Exercise details:
Go through the records, and copy each line in which the string "measurements" is present.

Records from a dataset:
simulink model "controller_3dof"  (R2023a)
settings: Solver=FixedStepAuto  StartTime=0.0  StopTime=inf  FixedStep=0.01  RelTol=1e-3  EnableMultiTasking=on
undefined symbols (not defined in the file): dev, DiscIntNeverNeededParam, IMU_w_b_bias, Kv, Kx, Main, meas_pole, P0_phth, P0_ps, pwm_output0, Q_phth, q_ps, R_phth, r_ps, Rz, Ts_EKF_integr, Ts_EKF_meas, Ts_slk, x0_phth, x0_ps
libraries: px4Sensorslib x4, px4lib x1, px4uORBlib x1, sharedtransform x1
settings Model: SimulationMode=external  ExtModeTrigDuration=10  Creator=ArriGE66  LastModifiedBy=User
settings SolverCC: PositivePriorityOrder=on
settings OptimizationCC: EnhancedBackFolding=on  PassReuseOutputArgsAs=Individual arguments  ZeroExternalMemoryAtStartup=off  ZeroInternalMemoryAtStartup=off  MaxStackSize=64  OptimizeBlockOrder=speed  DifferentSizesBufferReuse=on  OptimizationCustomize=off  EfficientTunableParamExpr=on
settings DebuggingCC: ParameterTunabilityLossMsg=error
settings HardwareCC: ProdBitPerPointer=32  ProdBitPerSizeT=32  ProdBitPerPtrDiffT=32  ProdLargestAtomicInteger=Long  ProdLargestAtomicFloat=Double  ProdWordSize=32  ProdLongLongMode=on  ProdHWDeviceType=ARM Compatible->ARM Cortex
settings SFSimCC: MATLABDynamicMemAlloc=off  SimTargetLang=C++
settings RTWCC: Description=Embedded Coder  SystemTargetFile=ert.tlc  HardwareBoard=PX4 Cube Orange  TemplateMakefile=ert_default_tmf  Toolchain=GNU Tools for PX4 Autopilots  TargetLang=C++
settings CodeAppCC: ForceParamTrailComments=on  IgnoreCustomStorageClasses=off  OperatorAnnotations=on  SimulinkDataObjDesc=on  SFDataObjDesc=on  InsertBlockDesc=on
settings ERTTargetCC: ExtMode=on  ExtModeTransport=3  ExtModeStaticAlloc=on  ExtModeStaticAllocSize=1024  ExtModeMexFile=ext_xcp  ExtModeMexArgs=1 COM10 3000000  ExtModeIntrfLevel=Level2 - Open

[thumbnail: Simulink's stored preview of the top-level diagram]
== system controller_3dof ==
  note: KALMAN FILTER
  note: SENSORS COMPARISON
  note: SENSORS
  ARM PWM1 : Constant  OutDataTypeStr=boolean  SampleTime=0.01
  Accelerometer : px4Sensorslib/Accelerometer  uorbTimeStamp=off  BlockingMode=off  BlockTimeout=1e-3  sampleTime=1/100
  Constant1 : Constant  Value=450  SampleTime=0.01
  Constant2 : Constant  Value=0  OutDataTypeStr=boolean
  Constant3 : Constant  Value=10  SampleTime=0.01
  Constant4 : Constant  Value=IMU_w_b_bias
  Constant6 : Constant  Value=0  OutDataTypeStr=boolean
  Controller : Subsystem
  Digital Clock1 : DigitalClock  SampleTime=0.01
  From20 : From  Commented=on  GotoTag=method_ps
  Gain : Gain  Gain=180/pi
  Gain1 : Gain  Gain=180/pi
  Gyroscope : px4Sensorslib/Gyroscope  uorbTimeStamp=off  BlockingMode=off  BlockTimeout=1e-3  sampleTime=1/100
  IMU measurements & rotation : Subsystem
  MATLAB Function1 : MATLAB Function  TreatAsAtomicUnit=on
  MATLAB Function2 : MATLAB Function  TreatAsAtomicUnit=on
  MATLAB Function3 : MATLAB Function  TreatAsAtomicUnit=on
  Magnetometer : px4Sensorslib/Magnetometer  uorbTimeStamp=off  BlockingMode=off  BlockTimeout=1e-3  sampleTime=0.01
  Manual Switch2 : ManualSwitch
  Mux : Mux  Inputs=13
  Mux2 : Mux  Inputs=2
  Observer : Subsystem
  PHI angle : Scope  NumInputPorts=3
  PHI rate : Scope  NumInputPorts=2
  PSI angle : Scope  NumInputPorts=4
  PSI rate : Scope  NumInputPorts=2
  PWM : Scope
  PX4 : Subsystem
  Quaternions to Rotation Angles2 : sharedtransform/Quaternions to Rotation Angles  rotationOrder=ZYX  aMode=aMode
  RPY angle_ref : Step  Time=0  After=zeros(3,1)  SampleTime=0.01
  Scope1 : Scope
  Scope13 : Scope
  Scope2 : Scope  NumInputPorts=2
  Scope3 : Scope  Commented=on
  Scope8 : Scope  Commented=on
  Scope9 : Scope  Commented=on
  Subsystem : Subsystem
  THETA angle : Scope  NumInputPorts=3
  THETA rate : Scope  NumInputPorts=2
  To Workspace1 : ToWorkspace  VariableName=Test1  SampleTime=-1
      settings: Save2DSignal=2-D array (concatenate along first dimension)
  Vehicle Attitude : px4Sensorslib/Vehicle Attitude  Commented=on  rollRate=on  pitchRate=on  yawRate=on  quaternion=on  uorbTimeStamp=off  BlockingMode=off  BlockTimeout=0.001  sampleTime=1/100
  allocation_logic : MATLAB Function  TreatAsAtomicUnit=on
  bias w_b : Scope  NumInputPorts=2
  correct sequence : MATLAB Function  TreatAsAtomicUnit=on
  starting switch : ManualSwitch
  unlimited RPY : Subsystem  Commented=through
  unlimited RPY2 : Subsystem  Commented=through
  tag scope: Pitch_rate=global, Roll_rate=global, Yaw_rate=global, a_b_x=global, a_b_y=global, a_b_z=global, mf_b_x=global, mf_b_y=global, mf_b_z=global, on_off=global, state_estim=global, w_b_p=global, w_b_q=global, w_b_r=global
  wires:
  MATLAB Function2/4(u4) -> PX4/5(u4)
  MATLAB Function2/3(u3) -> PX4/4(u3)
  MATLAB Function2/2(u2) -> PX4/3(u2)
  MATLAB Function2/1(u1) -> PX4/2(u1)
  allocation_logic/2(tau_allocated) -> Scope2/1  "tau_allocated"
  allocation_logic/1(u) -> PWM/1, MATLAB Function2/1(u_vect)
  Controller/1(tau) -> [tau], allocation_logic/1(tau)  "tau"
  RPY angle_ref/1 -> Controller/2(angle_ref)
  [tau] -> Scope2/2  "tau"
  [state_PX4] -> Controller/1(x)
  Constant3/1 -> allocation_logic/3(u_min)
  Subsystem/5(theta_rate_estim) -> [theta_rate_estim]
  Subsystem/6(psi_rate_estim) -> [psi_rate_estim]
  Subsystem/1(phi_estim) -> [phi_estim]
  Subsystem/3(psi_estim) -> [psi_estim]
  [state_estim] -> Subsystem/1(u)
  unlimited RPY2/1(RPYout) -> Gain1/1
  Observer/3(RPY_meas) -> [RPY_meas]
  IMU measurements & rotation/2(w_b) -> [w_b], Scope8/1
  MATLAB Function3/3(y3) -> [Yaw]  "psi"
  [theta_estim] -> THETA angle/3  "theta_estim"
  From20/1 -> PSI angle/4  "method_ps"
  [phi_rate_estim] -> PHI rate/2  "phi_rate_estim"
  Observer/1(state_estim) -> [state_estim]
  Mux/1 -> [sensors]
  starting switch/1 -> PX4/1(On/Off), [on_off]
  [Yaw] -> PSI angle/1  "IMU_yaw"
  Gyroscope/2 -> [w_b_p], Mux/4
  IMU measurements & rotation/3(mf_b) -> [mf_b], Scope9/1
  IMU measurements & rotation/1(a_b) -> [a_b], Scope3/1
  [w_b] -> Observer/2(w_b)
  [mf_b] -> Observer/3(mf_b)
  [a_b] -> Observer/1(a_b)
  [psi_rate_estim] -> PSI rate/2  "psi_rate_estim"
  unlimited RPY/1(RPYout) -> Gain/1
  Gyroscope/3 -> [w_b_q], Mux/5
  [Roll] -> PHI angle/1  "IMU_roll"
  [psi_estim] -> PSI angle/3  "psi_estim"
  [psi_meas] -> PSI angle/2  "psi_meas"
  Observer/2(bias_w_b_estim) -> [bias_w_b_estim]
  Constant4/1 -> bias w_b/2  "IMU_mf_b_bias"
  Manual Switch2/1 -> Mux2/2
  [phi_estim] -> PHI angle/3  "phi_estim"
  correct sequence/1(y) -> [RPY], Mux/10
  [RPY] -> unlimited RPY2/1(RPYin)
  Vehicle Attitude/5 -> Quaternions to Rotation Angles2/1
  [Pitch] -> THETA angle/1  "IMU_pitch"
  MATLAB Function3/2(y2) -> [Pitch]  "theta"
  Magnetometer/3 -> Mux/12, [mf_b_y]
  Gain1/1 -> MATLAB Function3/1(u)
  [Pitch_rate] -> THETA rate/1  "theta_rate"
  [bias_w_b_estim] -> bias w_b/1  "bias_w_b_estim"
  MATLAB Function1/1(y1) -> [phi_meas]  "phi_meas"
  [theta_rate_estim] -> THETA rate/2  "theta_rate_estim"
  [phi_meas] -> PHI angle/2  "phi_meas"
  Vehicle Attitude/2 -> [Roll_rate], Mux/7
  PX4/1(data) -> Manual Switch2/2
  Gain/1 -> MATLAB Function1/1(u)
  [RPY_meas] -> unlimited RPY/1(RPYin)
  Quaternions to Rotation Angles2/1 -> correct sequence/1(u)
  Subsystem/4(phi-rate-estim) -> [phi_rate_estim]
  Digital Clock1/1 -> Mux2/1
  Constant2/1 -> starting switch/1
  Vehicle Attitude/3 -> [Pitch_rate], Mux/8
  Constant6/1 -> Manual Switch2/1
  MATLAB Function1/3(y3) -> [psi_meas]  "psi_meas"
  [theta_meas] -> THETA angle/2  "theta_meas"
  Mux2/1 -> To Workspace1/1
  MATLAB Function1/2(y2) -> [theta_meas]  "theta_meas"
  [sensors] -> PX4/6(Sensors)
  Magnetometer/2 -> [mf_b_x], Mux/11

Completed exercise:
  IMU measurements & rotation : Subsystem
  IMU measurements & rotation/2(w_b) -> [w_b], Scope8/1
  IMU measurements & rotation/3(mf_b) -> [mf_b], Scope9/1
  IMU measurements & rotation/1(a_b) -> [a_b], Scope3/1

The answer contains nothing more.